• What to do
Across all the records, filter for lines with the word "speed" and copy them.

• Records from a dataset
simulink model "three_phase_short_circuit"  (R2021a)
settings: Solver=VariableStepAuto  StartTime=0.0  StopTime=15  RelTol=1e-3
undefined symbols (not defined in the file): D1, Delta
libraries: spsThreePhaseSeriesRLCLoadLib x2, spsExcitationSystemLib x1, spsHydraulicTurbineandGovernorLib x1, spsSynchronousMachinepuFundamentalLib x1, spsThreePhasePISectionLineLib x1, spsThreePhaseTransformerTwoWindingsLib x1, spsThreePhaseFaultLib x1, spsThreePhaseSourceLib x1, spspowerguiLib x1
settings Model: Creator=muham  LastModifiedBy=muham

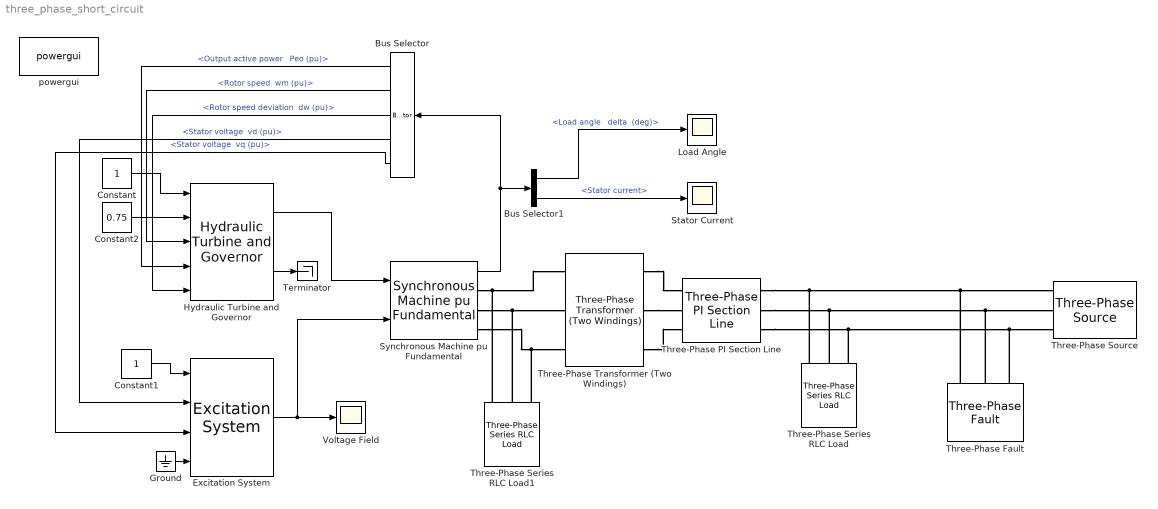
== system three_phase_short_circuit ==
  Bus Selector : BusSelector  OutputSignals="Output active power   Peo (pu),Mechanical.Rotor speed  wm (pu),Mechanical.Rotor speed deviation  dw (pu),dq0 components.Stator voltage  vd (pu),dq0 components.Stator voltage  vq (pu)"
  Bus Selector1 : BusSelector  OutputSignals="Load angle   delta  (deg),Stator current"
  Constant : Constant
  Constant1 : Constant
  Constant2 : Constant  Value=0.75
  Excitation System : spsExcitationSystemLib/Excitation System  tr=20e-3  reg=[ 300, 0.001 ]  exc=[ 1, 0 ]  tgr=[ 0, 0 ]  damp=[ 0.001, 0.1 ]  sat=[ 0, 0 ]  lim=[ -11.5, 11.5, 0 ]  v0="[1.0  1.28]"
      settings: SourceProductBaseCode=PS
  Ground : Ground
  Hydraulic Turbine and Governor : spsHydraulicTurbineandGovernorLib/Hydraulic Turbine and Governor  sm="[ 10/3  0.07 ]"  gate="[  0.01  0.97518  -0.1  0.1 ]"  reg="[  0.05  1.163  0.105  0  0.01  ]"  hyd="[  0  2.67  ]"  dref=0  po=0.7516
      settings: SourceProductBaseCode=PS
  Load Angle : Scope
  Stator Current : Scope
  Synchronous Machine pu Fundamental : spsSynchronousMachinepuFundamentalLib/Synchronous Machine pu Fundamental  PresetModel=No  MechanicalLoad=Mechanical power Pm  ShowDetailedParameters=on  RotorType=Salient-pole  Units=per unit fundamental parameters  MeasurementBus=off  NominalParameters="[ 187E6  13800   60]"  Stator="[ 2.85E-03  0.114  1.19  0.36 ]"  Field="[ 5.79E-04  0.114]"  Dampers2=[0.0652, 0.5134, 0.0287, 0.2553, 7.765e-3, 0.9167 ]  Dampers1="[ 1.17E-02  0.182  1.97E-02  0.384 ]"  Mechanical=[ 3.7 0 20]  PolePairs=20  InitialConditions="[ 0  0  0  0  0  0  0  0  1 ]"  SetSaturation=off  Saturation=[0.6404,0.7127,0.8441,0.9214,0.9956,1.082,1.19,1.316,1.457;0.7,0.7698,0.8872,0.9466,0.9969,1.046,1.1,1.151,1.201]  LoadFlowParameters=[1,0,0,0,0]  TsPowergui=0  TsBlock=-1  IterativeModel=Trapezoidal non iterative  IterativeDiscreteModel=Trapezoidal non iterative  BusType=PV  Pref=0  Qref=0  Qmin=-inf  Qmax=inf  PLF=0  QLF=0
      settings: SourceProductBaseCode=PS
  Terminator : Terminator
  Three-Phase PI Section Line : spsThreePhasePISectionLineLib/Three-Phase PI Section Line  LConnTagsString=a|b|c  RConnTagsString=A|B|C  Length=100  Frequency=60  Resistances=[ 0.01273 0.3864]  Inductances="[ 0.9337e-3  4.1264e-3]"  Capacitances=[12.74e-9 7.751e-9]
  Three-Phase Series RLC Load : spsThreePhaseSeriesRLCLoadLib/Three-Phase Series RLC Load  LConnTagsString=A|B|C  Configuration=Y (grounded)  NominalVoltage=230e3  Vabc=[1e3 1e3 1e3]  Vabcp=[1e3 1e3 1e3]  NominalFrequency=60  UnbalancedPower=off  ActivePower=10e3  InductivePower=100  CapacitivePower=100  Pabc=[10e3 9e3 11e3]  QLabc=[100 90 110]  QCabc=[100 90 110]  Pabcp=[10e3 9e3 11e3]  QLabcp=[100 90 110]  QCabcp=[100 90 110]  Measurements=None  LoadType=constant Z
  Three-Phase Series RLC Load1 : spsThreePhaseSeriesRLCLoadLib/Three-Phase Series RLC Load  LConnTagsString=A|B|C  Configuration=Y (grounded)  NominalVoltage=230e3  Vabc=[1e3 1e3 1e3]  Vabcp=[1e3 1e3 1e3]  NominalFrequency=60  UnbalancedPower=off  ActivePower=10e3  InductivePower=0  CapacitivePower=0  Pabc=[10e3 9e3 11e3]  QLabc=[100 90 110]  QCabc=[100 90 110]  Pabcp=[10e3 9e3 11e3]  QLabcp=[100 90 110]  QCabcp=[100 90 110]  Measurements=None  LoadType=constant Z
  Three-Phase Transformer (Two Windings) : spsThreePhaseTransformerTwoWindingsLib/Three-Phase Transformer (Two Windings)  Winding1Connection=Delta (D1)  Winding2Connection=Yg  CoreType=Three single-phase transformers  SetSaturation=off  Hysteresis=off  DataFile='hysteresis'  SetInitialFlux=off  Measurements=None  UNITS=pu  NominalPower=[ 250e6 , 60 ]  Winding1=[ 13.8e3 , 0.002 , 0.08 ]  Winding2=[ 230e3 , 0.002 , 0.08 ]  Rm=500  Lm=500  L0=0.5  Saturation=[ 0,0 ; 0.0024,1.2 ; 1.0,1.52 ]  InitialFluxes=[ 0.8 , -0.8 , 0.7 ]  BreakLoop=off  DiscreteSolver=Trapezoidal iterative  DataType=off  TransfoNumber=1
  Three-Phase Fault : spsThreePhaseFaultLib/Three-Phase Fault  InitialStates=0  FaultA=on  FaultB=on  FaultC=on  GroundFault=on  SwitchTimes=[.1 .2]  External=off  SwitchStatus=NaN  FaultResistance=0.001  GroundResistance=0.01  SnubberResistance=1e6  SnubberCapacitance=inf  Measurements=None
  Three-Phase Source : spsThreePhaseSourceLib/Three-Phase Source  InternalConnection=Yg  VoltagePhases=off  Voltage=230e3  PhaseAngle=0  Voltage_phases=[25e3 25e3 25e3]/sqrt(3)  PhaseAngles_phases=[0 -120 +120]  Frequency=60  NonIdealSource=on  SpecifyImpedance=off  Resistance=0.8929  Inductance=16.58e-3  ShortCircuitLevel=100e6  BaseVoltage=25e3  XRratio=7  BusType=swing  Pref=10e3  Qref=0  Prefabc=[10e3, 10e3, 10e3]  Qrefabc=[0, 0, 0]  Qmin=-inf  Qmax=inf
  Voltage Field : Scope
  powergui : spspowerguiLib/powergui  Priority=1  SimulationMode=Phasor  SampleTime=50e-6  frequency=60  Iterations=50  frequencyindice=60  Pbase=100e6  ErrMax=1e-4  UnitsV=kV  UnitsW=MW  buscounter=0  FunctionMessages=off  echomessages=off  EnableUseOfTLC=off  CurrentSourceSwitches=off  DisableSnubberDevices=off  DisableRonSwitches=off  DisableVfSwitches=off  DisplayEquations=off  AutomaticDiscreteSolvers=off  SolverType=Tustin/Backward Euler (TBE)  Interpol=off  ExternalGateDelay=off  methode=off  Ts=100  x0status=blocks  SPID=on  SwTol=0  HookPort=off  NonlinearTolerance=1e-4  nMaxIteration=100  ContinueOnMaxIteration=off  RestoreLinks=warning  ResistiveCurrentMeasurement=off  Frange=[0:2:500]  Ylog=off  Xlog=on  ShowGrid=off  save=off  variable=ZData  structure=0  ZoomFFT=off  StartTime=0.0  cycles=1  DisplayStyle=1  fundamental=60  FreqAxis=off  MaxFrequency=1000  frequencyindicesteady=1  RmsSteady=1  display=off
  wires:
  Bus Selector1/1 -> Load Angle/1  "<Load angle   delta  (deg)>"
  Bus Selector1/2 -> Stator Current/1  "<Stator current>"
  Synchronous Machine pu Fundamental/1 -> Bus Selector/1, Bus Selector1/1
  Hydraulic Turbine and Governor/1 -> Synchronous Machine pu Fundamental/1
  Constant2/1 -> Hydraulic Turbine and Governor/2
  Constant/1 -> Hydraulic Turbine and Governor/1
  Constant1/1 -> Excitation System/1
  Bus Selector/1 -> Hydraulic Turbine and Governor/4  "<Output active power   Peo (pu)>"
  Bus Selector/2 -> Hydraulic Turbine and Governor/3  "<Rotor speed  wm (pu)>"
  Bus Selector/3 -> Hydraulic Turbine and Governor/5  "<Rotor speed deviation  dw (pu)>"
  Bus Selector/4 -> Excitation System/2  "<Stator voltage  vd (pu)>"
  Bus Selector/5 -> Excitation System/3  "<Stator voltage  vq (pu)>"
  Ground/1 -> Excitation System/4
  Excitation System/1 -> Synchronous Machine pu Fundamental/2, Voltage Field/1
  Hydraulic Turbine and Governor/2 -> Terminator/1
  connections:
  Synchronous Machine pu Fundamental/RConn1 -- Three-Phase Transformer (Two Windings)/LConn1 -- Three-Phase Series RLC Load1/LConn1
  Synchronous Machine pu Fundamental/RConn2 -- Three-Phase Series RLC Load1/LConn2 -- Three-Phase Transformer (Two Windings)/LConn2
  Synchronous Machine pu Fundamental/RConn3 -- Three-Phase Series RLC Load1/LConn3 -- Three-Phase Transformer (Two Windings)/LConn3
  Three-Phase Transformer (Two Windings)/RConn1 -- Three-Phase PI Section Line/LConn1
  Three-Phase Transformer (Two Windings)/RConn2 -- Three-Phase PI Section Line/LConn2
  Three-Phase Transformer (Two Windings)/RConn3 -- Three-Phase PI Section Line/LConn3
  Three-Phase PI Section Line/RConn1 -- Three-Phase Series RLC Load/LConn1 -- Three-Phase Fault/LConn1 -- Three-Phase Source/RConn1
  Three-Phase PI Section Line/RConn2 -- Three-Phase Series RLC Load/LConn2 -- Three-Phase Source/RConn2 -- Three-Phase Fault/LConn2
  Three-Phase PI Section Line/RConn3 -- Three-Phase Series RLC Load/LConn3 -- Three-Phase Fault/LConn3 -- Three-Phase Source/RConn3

• Output for this task
  Bus Selector : BusSelector  OutputSignals="Output active power   Peo (pu),Mechanical.Rotor speed  wm (pu),Mechanical.Rotor speed deviation  dw (pu),dq0 components.Stator voltage  vd (pu),dq0 components.Stator voltage  vq (pu)"
  Bus Selector/2 -> Hydraulic Turbine and Governor/3  "<Rotor speed  wm (pu)>"
  Bus Selector/3 -> Hydraulic Turbine and Governor/5  "<Rotor speed deviation  dw (pu)>"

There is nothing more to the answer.